60か国のツーリスト 「ジャンボ」で大いに盛り上がる 品川宿は素敵なところ

外国人向けのゲストハウスで今夏、「チョコモナカジャンボ」が大いに盛り上がった。モナカの形状が自分の国にはなくどこから食べたらいいのか、「このパリパリ感は何だ」など、外国人にはかなり驚く要素の多いアイスクリームらしい。オーナーが外国人向けに、ジャンボを説明する資料を森永製菓に求めたところ、同社も興味を持ち不思議なコラボが始まった。

宿場ジャパン(渡邊崇志代表取締役)という法人が運営している「ゲストハウス品川宿」は、1泊3千500円から、個室でも4千円程度で泊まれる。食事の提供はなし。近くの食堂や赤ちょーちん、銭湯などに案内し、エリア全体を楽しんでもうのがコンセプト。1日最大23名が宿泊可能で、世界60か国からの旅行客があり、年間を通じて90%以上の稼働率だという。品川エリアで4件の直営宿泊施設があり、地方での開業支援も行っている。
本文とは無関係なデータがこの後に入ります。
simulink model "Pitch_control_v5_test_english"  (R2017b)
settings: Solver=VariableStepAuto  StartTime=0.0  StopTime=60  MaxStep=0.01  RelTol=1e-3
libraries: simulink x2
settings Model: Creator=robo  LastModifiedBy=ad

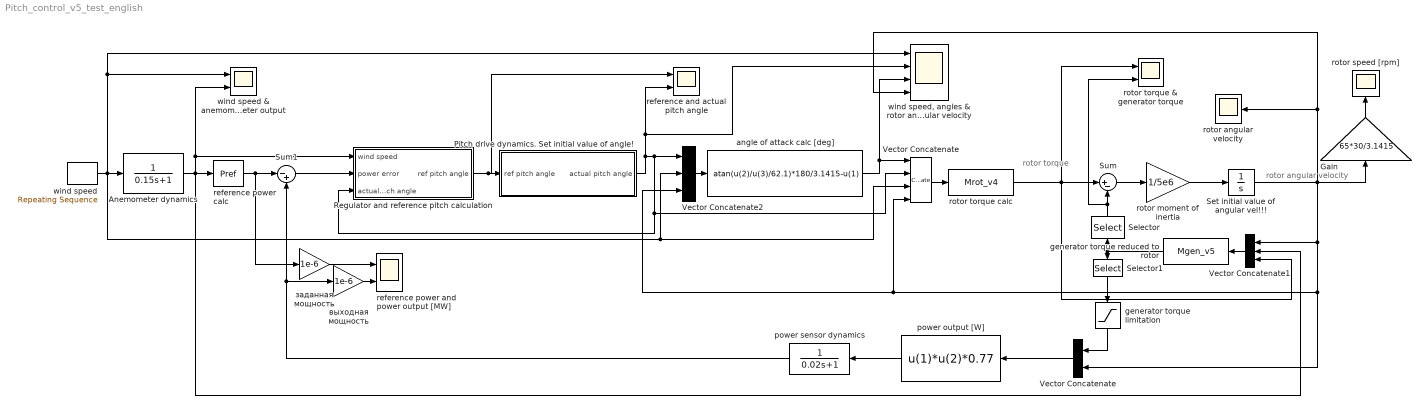
== system Pitch_control_v5_test_english ==
  note: rotor angular velocity
  note: rotor
      | torque
  " rotor moment of inertia " : Gain  Gain=1/5e6
  Anemometer dynamics : TransferFcn  Denominator=[0.15 1]
  Gain : Gain  Gain=65*30/3.1415
  Pitch drive dynamics. Set initial value of angle! : Subsystem
  Regulator and reference pitch calculation : Subsystem
  Selector : Selector  InputPortWidth=2  IndexOptions=Index vector (dialog)  Indices=1  OutputSizes=1
  Selector1 : Selector  InputPortWidth=2  IndexOptions=Index vector (dialog)  Indices=2  OutputSizes=1
  Set initial value of angular vel!!! : Integrator  InitialCondition=10*6/62.1
  Sum : Sum  Inputs=|+-
  Sum1 : Sum  Inputs=|-+
  Vector Concatenate : Concatenate  NumInputs=4
  "Vector Concatenate " : Concatenate
  Vector Concatenate1 : Concatenate  NumInputs=3
  Vector Concatenate2 : Concatenate  NumInputs=3
  angle of attack calc [deg] : Fcn  Expr=atan(u(2)/u(3)/62.1)*180/3.1415-u(1)
  "generator torque reduced to rotor " : S-Function  FunctionName=Mgen_v5  SFunctionDeploymentMode=off  EnableBusSupport=off
  generator torque limitation : Saturate  UpperLimit=5170000  LowerLimit=0
  power output [W] : Fcn  Expr=u(1)*u(2)*0.77
  power sensor dynamics : TransferFcn  Denominator=[0.02 1]
  reference power calc : S-Function  FunctionName=Pref  SFunctionDeploymentMode=off  EnableBusSupport=off
  reference and actual pitch angle : Scope  NumInputPorts=2
  reference power and power output [MW] : Scope  NumInputPorts=2
  rotor speed [rpm] : Scope
  rotor angular velocity : Scope
  rotor torque & generator torque : Scope  NumInputPorts=2
  rotor torque calc : S-Function  FunctionName=Mrot_v4  SFunctionDeploymentMode=off  EnableBusSupport=off
  "wind speed " : simulink/Sources/Repeating Sequence  Description=Входной сигнал по мощности  rep_seq_t=[0 24 28 32 40 44 48 100]  rep_seq_y=[10 10 7 17 17 7 10 10]
  "wind speed & anemometer output " : Scope  NumInputPorts=2
  "wind speed, angles & rotor angular velocity " : Scope  NumInputPorts=4
  выходная мощность : Gain  Gain=1e-6
  заданная мощность : Gain  Gain=1e-6
  wires:
  "wind speed "/1 -> "wind speed, angles & rotor angular velocity "/1, "wind speed & anemometer output "/1, Vector Concatenate/3, Vector Concatenate2/2, Anemometer dynamics/1
  reference power calc/1 -> Sum1/1, заданная мощность/1
  Vector Concatenate2/1 -> angle of attack calc [deg]/1
  Anemometer dynamics/1 -> Vector Concatenate1/2, reference power calc/1, "wind speed & anemometer output "/2, Regulator and reference pitch calculation/1(wind speed)
  Regulator and reference pitch calculation/1(ref pitch angle) -> reference and actual pitch angle/1, Pitch drive dynamics. Set initial value of angle!/1(ref pitch angle)
  Pitch drive dynamics. Set initial value of angle!/1(actual pitch angle) -> reference and actual pitch angle/2, "wind speed, angles & rotor angular velocity "/2, Vector Concatenate/2, Regulator and reference pitch calculation/3(actual pitch angle), Vector Concatenate2/1
  angle of attack calc [deg]/1 -> "wind speed, angles & rotor angular velocity "/3, Vector Concatenate/1
  rotor torque calc/1 -> rotor torque & generator torque/1, Vector Concatenate1/3, Sum/1
  Sum/1 -> " rotor moment of inertia "/1
  " rotor moment of inertia "/1 -> Set initial value of angular vel!!!/1
  "Vector Concatenate "/1 -> power output [W]/1
  power output [W]/1 -> power sensor dynamics/1
  Set initial value of angular vel!!!/1 -> "wind speed, angles & rotor angular velocity "/4, rotor angular velocity/1, Gain/1, Vector Concatenate1/1, "Vector Concatenate "/2, Vector Concatenate2/3, Vector Concatenate/4
  power sensor dynamics/1 -> Sum1/2, выходная мощность/1
  Gain/1 -> rotor speed [rpm]/1
  "generator torque reduced to rotor "/1 -> Selector1/1, Selector/1
  Sum1/1 -> Regulator and reference pitch calculation/2(power error)
  generator torque limitation/1 -> "Vector Concatenate "/1
  Vector Concatenate/1 -> rotor torque calc/1
  Vector Concatenate1/1 -> "generator torque reduced to rotor "/1
  Selector/1 -> rotor torque & generator torque/2, Sum/2
  Selector1/1 -> generator torque limitation/1
  заданная мощность/1 -> reference power and power output [MW]/1
  выходная мощность/1 -> reference power and power output [MW]/2

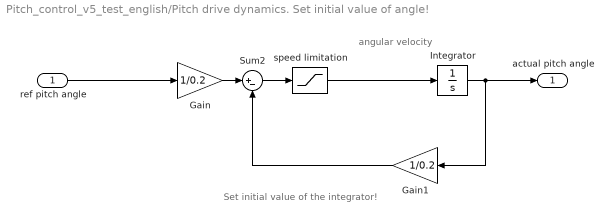
== system Pitch_control_v5_test_english/Pitch drive dynamics. Set initial value of angle! ==
  note: Set initial value of the integrator!
  note: angular
      | velocity
  ref pitch angle : Inport
  Gain : Gain  Gain=1/0.2
  Gain1 : Gain  Gain=1/0.2
  Integrator : Integrator  InitialCondition=-3
  Sum2 : Sum  Inputs=|+-
  speed limitation : Saturate  UpperLimit=12  LowerLimit=-12
  actual pitch angle : Outport
  wires:
  Gain/1 -> Sum2/1
  speed limitation/1 -> Integrator/1
  Sum2/1 -> speed limitation/1
  Gain1/1 -> Sum2/2
  Integrator/1 -> Gain1/1, actual pitch angle/1
  ref pitch angle/1 -> Gain/1

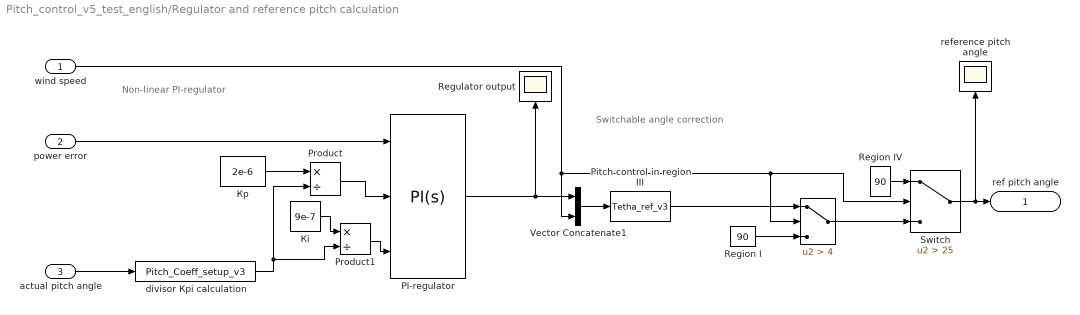
== system Pitch_control_v5_test_english/Regulator and reference pitch calculation ==
  note: Switchable angle correction
  note: Non-linear
      | PI-regulator
  wind speed : Inport
  power error : Inport  Port=2
  actual pitch angle : Inport  Port=3
  " " : Switch  Criteria=u2 > Threshold  Threshold=4
  PI-regulator : simulink/Continuous/PID Controller  Controller=PI  TimeDomain=Continuous-time  SampleTime=-1  IntegratorMethod=Forward Euler  FilterMethod=Forward Euler  Form=Parallel  UseFilter=on  ControllerParametersSource=external  P=1  I=1  D=0  N=100  InitialConditionSource=internal  InitialConditionForIntegrator=0  InitialConditionForFilter=0  ExternalReset=none  LimitOutput=off  UpperSaturationLimit=inf  LowerSaturationLimit=-inf  LinearizeAsGain=on  AntiWindupMode=none  Kb=1  TrackingMode=off  Kt=1  PParamMin=[]  PParamMax=[]  IParamMin=[]  IParamMax=[]  DParamMin=[]  DParamMax=[]  NParamMin=[]  NParamMax=[]  KbParamMin=[]  KbParamMax=[]  KtParamMin=[]  KtParamMax=[]  POutMin=[]  POutMax=[]  IOutMin=[]  IOutMax=[]  DOutMin=[]  DOutMax=[]  NOutMin=[]  NOutMax=[]  KbOutMin=[]  KbOutMax=[]  KtOutMin=[]  KtOutMax=[]  IntegratorOutMin=[]  IntegratorOutMax=[]  FilterOutMin=[]  FilterOutMax=[]  SumOutMin=[]  SumOutMax=[]  SumI1OutMin=[]  SumI1OutMax=[]  SumI2OutMin=[]  SumI2OutMax=[]  SumI3OutMin=[]  SumI3OutMax=[]  SumDOutMin=[]  SumDOutMax=[]  SaturationOutMin=[]  SaturationOutMax=[]  IntegratorContinuousStateAttributes=''  IntegratorStateMustResolveToSignalObject=off  IntegratorRTWStateStorageClass=Auto  FilterContinuousStateAttributes=''  FilterStateMustResolveToSignalObject=off  FilterRTWStateStorageClass=Auto  DifferentiatorICPrevScaledInput=0  DifferentiatorOutMin=[]  DifferentiatorOutMax=[]  InitialConditionSetting=State (most efficient)  FilterDiffOutCoefMin=[]  FilterDiffOutCoefMax=[]  SumDenOutMin=[]  SumDenOutMax=[]  SumNumOutMin=[]  SumNumOutMax=[]  ReciprocalOutMin=[]  ReciprocalOutMax=[]  DivideOutMin=[]  DivideOutMax=[]  TunerSelectOption=Transfer Function Based (PID Tuner App)
  Pitch control in region III : S-Function  FunctionName=Tetha_ref_v3  SFunctionDeploymentMode=off  EnableBusSupport=off
  Product : Product  Inputs=*/
  Product1 : Product  Inputs=*/
  "Region I " : Constant  Value=90
  Region IV : Constant  Value=90
  Regulator output : Scope
  Switch : Switch  Criteria=u2 > Threshold  Threshold=25
  Vector Concatenate1 : Concatenate
  "divisor Кpi calculation " : S-Function  FunctionName=Pitch_Coeff_setup_v3  SFunctionDeploymentMode=off  EnableBusSupport=off
  reference pitch angle : Scope
  Кi : Constant  Value=9e-7
  Кp : Constant  Value=2e-6  VectorParams1D=off
  ref pitch angle : Outport
  wires:
  actual pitch angle/1 -> "divisor Кpi calculation "/1
  Product1/1 -> PI-regulator/3
  "divisor Кpi calculation "/1 -> Product/2, Product1/2
  Кp/1 -> Product/1
  Product/1 -> PI-regulator/2
  Кi/1 -> Product1/1
  power error/1 -> PI-regulator/1
  PI-regulator/1 -> Vector Concatenate1/1, Regulator output/1
  Vector Concatenate1/1 -> Pitch control in region III/1
  " "/1 -> Switch/3
  Region IV/1 -> Switch/1
  Pitch control in region III/1 -> " "/1
  wind speed/1 -> Vector Concatenate1/2, Switch/2, " "/2
  "Region I "/1 -> " "/3
  Switch/1 -> reference pitch angle/1, ref pitch angle/1

もともとオーナーの渡邊さんがアイス好きで、ジャンボを冷蔵庫にストックしておいた。ゲストに「おいしそう」と言われ、「食べる?」とかで割ってあげたのがそもそものきっかけ。今年の夏は特に暑く、汗だくで来るゲストに無料でプレゼントしたのが始まり。評判がよく、近くのコンビニやスーパーで買ってはストックをしておいた。

ジャンボの一番いいところはシェアできること。ゲスト同士やスタッフとの交流で盛り上がることもゲストハウスの価値の一つだが、不慣れな外国ということもあり、チェックインの後部屋に入ったきりのゲストもいる。そんなとき、「アイスがあるから食べに来ない?」と誘い、取りに来たらパキッと割って「共有スペースで座って食べなよ」となって、「グッド」とか「デリーシャス」とかで会話が始る。アメリカはパイントが基本だとか、中国はアイスは小さいカップに入っているとか、ベルギーはチョコレートアイスが一番ポピュラーだとか、アイスがきっかけでゲスト同士で会話が始まり、アイスを食べた後みんなで焼鳥屋にいくきっかけになる。

パリパリの食感に興味を持つゲストも多く、渡邉さんはインターネットなどで集めた情報を元に説明していたが、ある日森永製菓に状況説明とともに資料が欲しいと手紙を出したところ、同社のマーケッター村田あづささんが品川宿を訪れた。

ゲストハウス品川宿(宿場ジャパン)

村田さんは今年4月まで、キャンディなどのマーケティング担当。ハイチュウは海外でも人気があり、アメリカではメジャーリーグのベンチにハイチュウが置かれ、選手が食べている写真がスポーツ新聞に掲載されたこともある。SNSなどで話題が拡散され、小さい頃から当たり前に食べていた菓子がメジャーリーガーも好きだとなると、「ハイチュウ凄い」となって久ぶりに買ってみる。そうすると、リニューアルを重ねているため、昔よりおいしいとなって継続効果があり、ユーザーの裾野も広がるという。

アイスはみやげに持って帰れず、輸出もできないため、海外で話題になることは難しいと思っていたところへ手紙が来た。たった1件のゲストハウスの話しだったが、そこは感度の高い旅行者が来るところ。口コミで、日本でこんな素敵な宿があったから行ってみればなどの情報が広まりやすい。ツアーの団体客と違い、情報発信力や受信力がある人達が来る場所がゲストハウスなので、高橋さんは取り組んでみようと思った。

英語版の、パリパリへのこだわりを伝える説明動画を作成し、品川宿にはサンプリングとしてジャンボの提供を始めた。時間はかかるかもしれないけれど、日本に行ったら食べたいアイスとしてジャンボの認知が広まることを期待している。そして、「知ってる?日本に来るとジャンボを食べる外人が多いんだって」となると面白いことが起こる。世の中には、遠い将来の可能性にかけるマーケティングもある。

11月になり寒くなってきたが、品川宿の冷蔵庫には、「パリパリアイス無料だよ」とスタッフが英語で書いたチラシが貼ってある。クールダウンだけでなく、コミュニケーションのきっかけとして秋も冬も大事なツールだ。